All art teachers learn in college how stifling and damaging coloring books are for children, but classroom teachers and parents never get the message. I was back at graduate school after many years of teaching. The professor suggested that instead of doing the assignments he had given the younger people in the class, we come up with something that reflected my teaching experience. I kept asking him what he wanted me to do and he kept saying "we'll see". The semester went on and all the students in the class kept handing in their assignments and I had nothing to do. I was al ittle worried about how I would get a good grade. One day, when the professor started his lecture on the subject of how bad coloring books are I raised my hand and said "Art teachers hear this all the time, but we never give coloring books to children. Why doesn't someone do something to reach the parents with this information.They don't buy their children coloring books because they are bad parents, they just don't ever hear the lecture we hear all the time." "That" he said, pointing at me, "is your assignment for the term". I put together all of the tried and true art lessons I was doing with my students and presented them, in a coloring book format, to the whole class.
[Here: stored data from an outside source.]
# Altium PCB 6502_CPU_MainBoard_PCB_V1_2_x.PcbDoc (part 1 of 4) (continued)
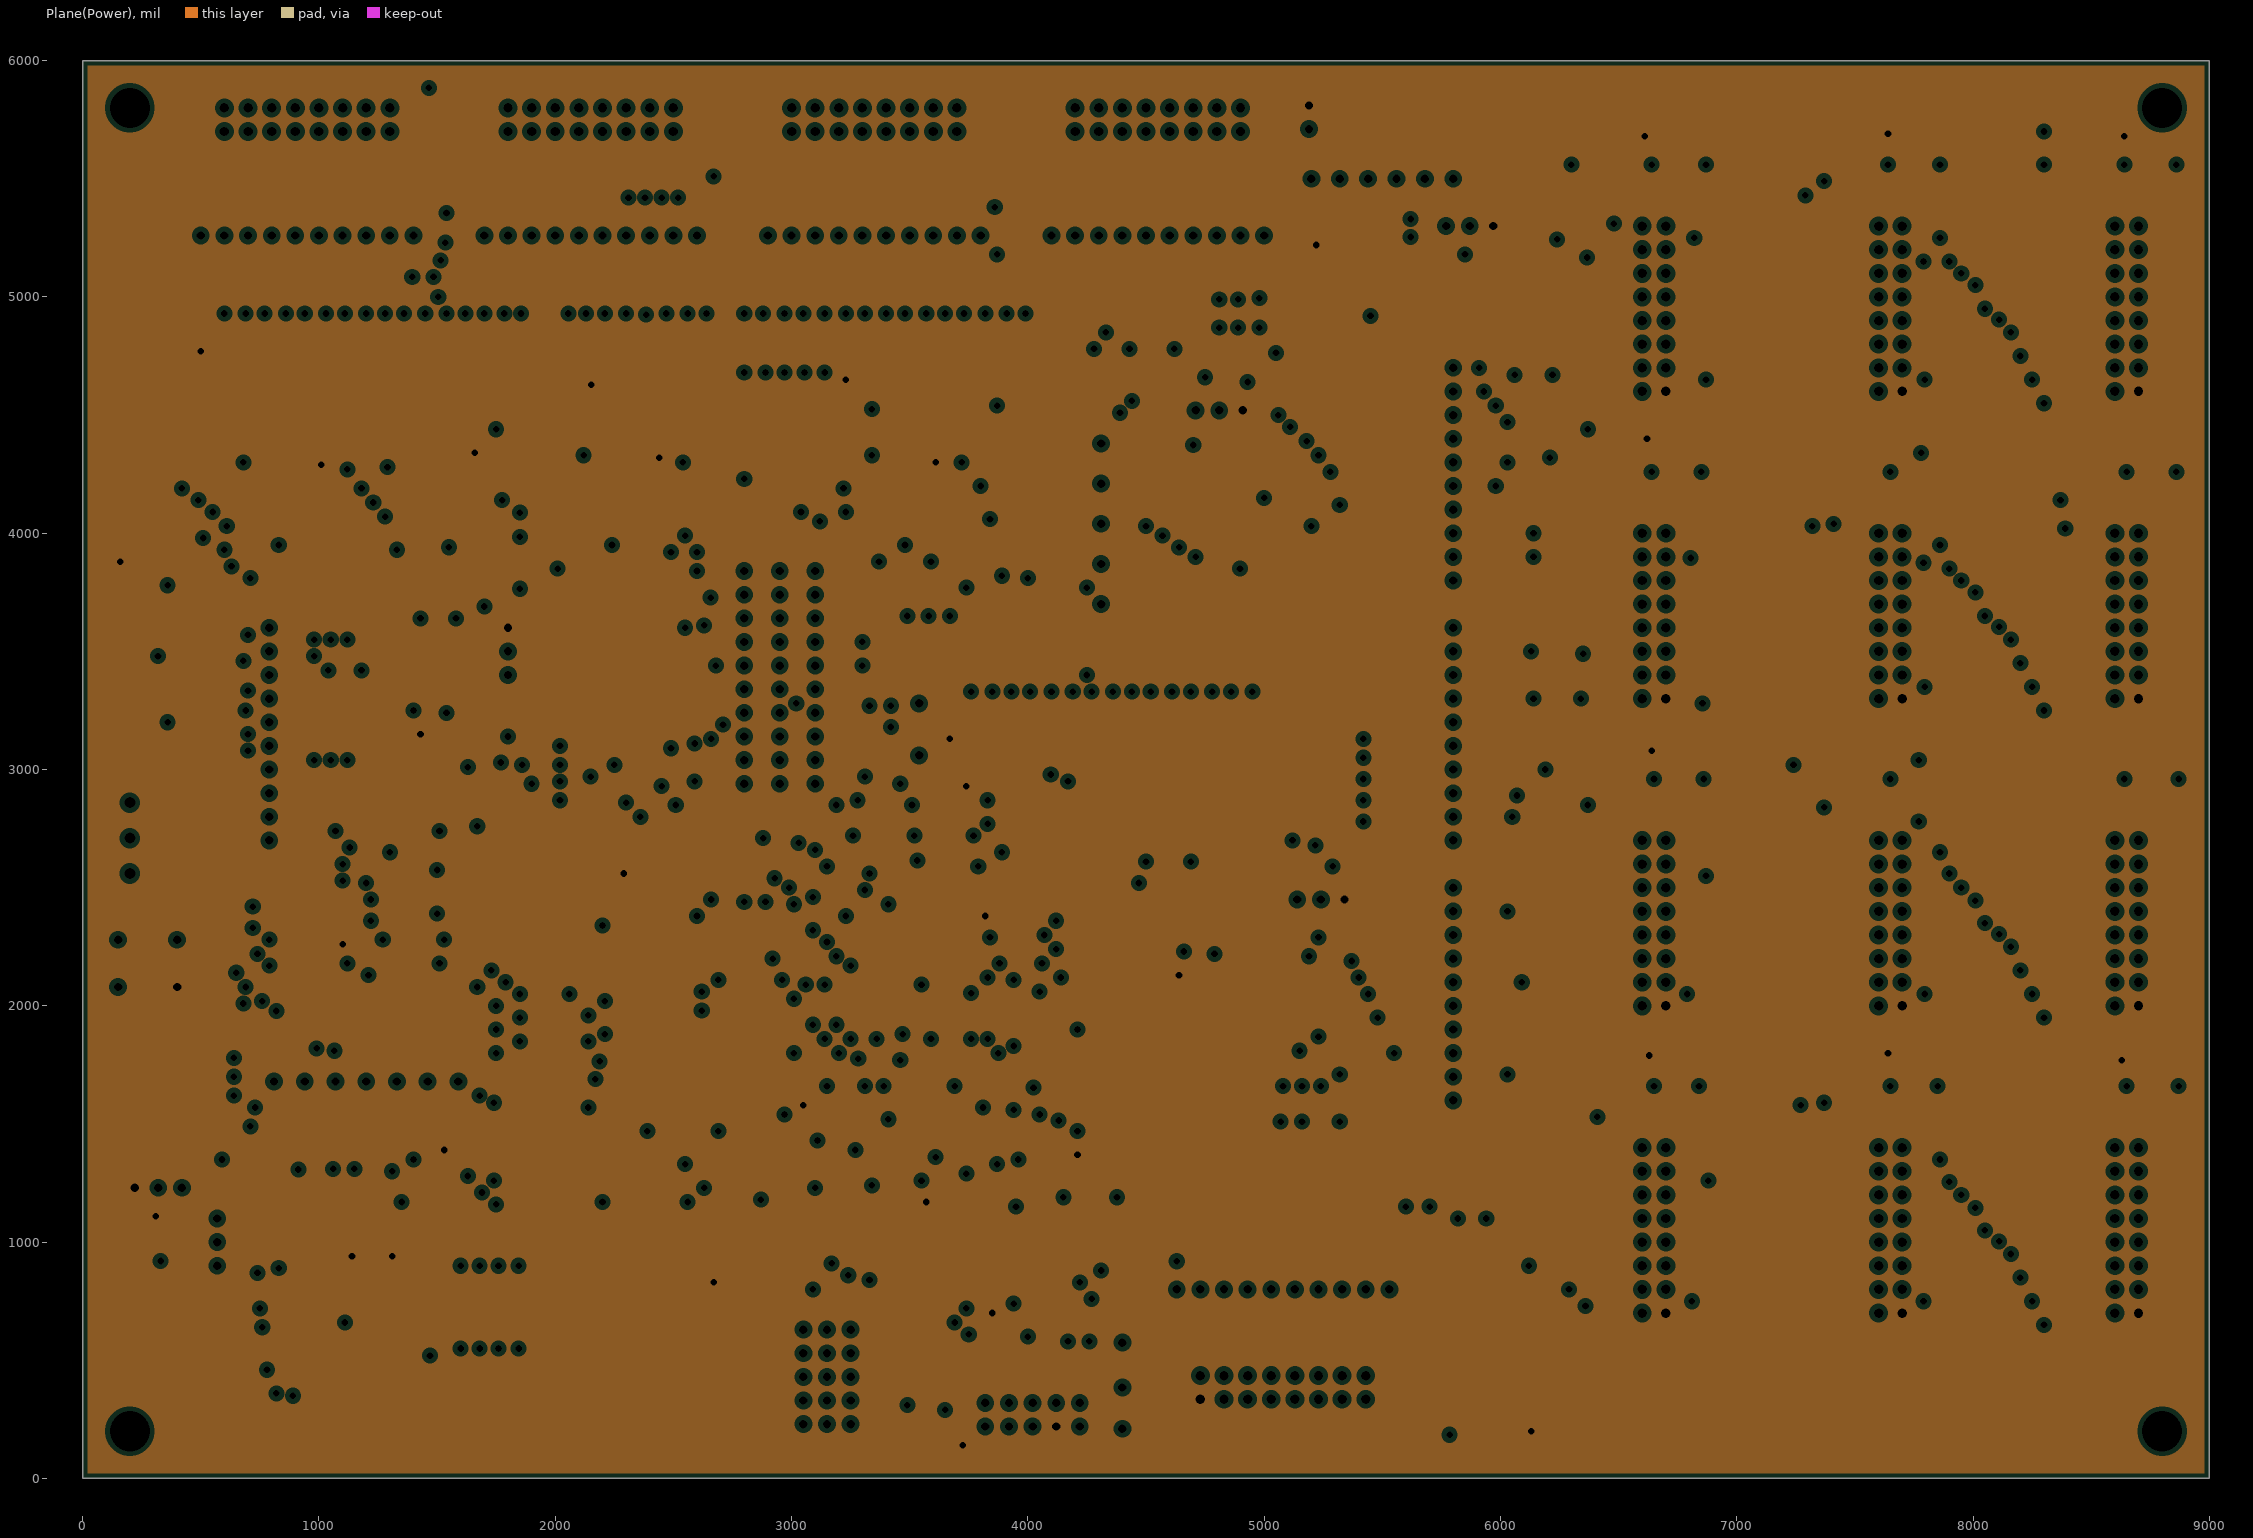
[diagram p3: Plane(Power), clearances drawn from the general rule]
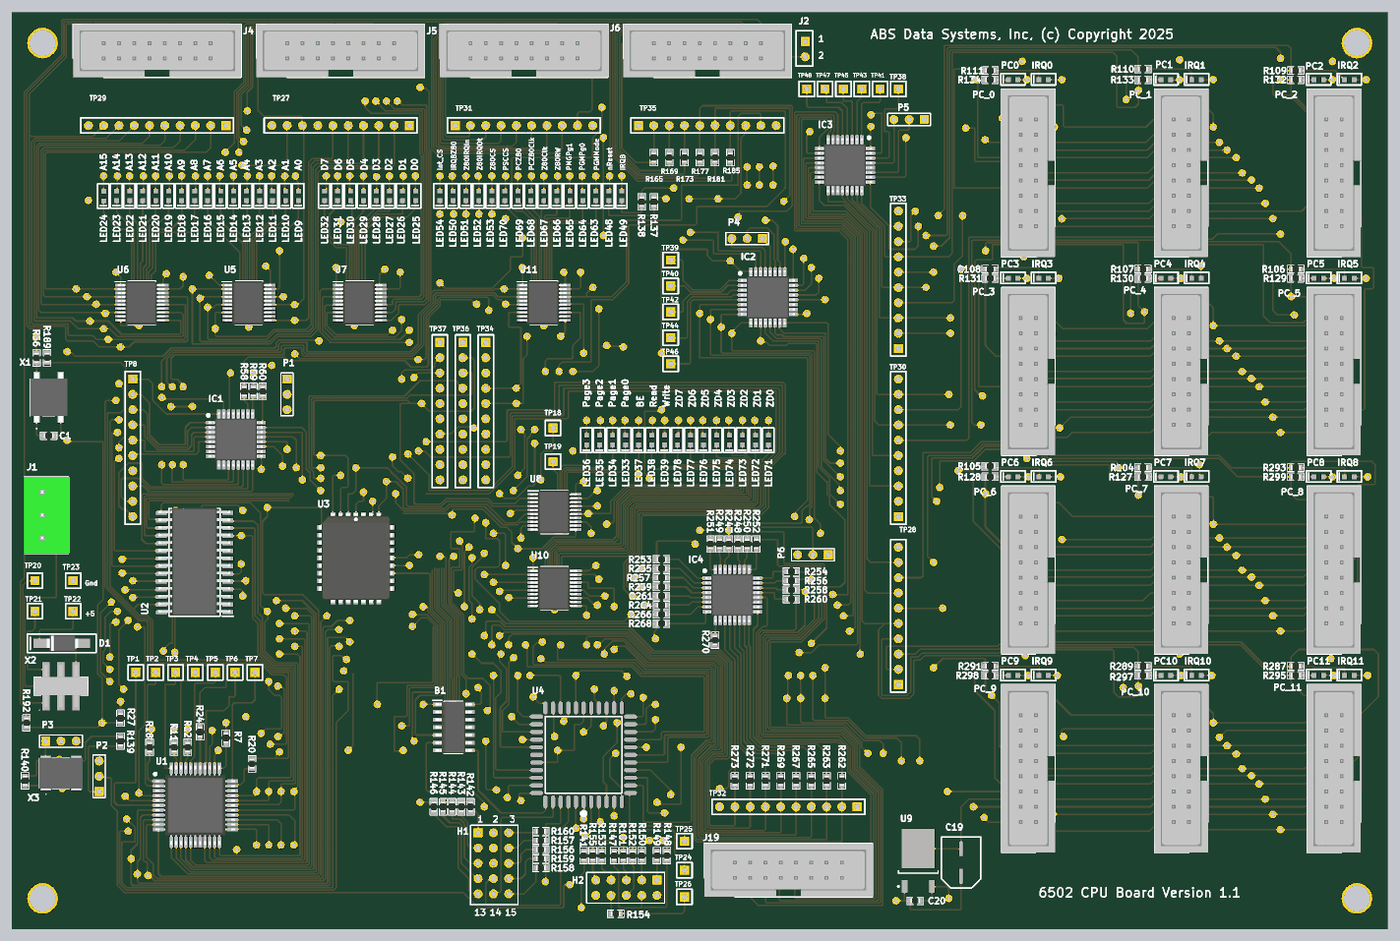
[diagram p7: 3D render of the assembled board from above, using the file's embedded part models]
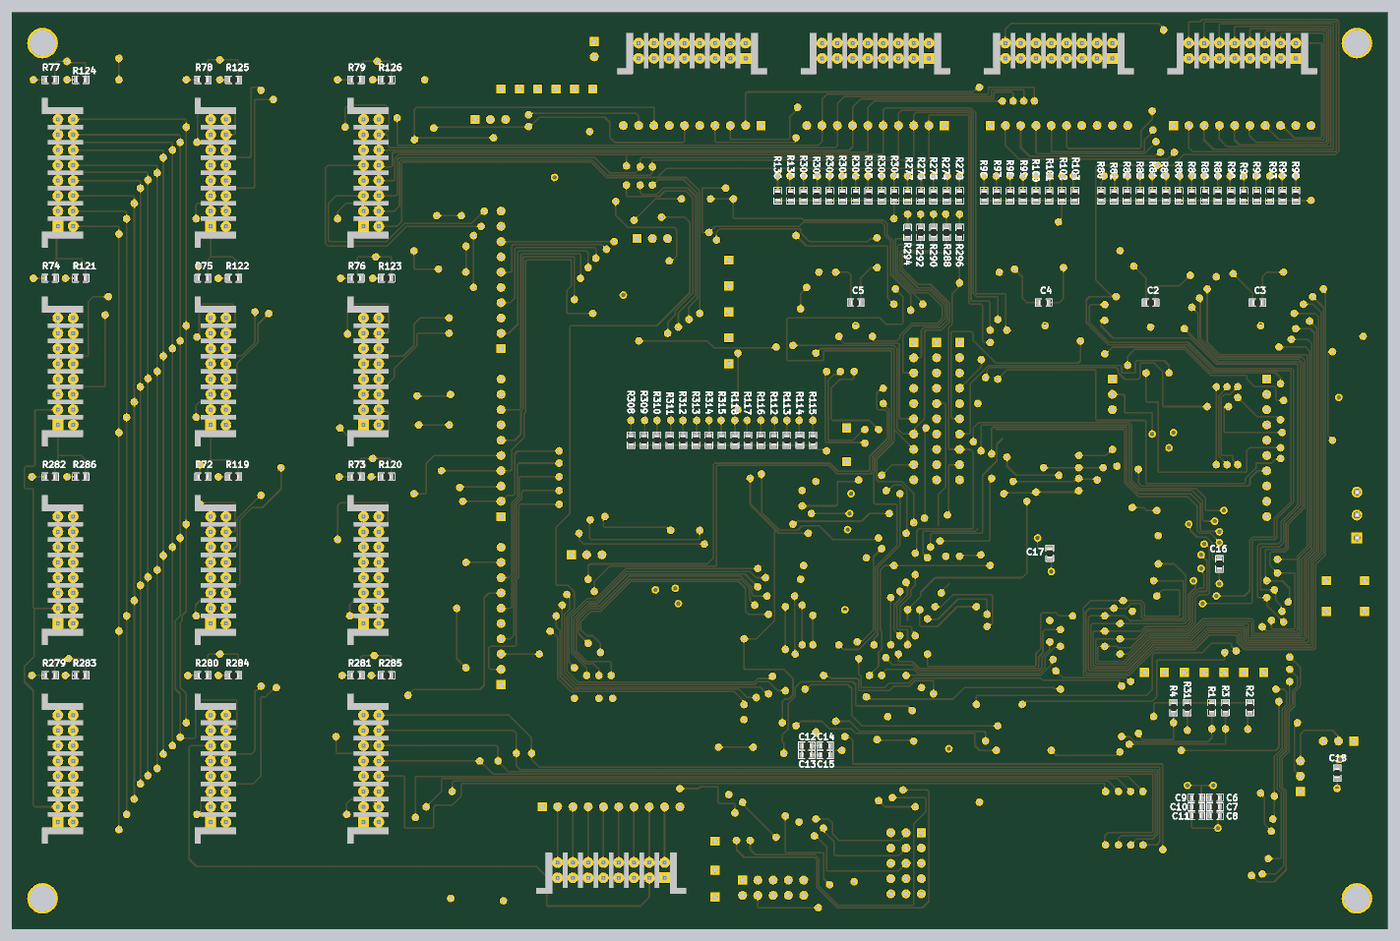
[diagram p8: 3D render of the assembled board from below, using the file's embedded part models]

## Layer stack, top to bottom
Top Solder: solder mask 0.4, Solder Resist, Dk 3.5
Top Layer: signal copper 1.4
Dielectric 2: prepreg 2.8, PP-006, Dk 4.1
Plane(GND): plane copper 1.378, net GND
Dielectric 1: dielectric 12.6, FR-4, Dk 4.8
Plane(Power): plane copper 1.378, net +5
Dielectric 3: prepreg 2.8, PP-006, Dk 4.1
Bottom Layer: signal copper 1.4
Bottom Solder: solder mask 0.4, Solder Resist, Dk 3.5

## Board outline
0,0 0,6000 9000,6000 9000,0

## Design rules (kind name [scope] priority, off if disabled: settings)
Clearance [All] p1: gap=5 ignorepadtopadclearanceinfootprint=FALSE
HoleSize [All] p1: absolutevalues=TRUE maxlimit=200 minlimit=1 maxpercent=80.000 minpercent=20.000
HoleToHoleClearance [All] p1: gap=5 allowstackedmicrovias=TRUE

At the end of my presentation I was shocked when everyone clapped. The professor loved it and suggested that I try to get it published. My (now ex) brother in law had a book published by Henry Holt and at the next time I saw him I proudly told him the story and what the professor had said. He offered to show the book to his editor, who loved it and sent it to the children's department which rejected it immediately. She liked it so much she went to the publisher and asked for permission to publish it herself, even though children's books were not her department. Since then, I have published 21 books, most with Henry Holt.


Where can our readers go to learn more about your work and how they

can change the ways in which their children are learning art?

I have a web site ... Parents of children under the age of five should read my books PLEASE TOUCH® and YOUNG AT ART®. They are filled with photos of Jason, his friends and my students and of me doing art and talk about how important scribbling is to prepare children to read. Parents of children over the age of 6 will want THE ANTI-COLORING BOOKS®. They include suggestions and motivation to encourage children who have outgrown scribbling to draw pictures.




3 comments:

Samantha said...

This is amazing...I love this story! I am going through this with my middle son (5)right now trying to nurture his love of art and creativity in any way I can. He just recently discovered Bob Ross and is loving watching an episode and then going to his room to paint on his easel. I suppose it is his inspiration right now :) I am definitely going to go to your website right now Susan and get your books too. Love the post Mandy! Thanks so much! Samantha

Deborah at Coco Bonbons said...

It is so awesome that I just stumbled upon this blog!!! I am getting ready to start teaching an art appreciate class at my daughter's pre-school. I suggested the class because I hate to see a child's creativity stifled. I am on my way to pick up Susan's books!!!

Claire said...

What a great story! Thanks for sharing!!!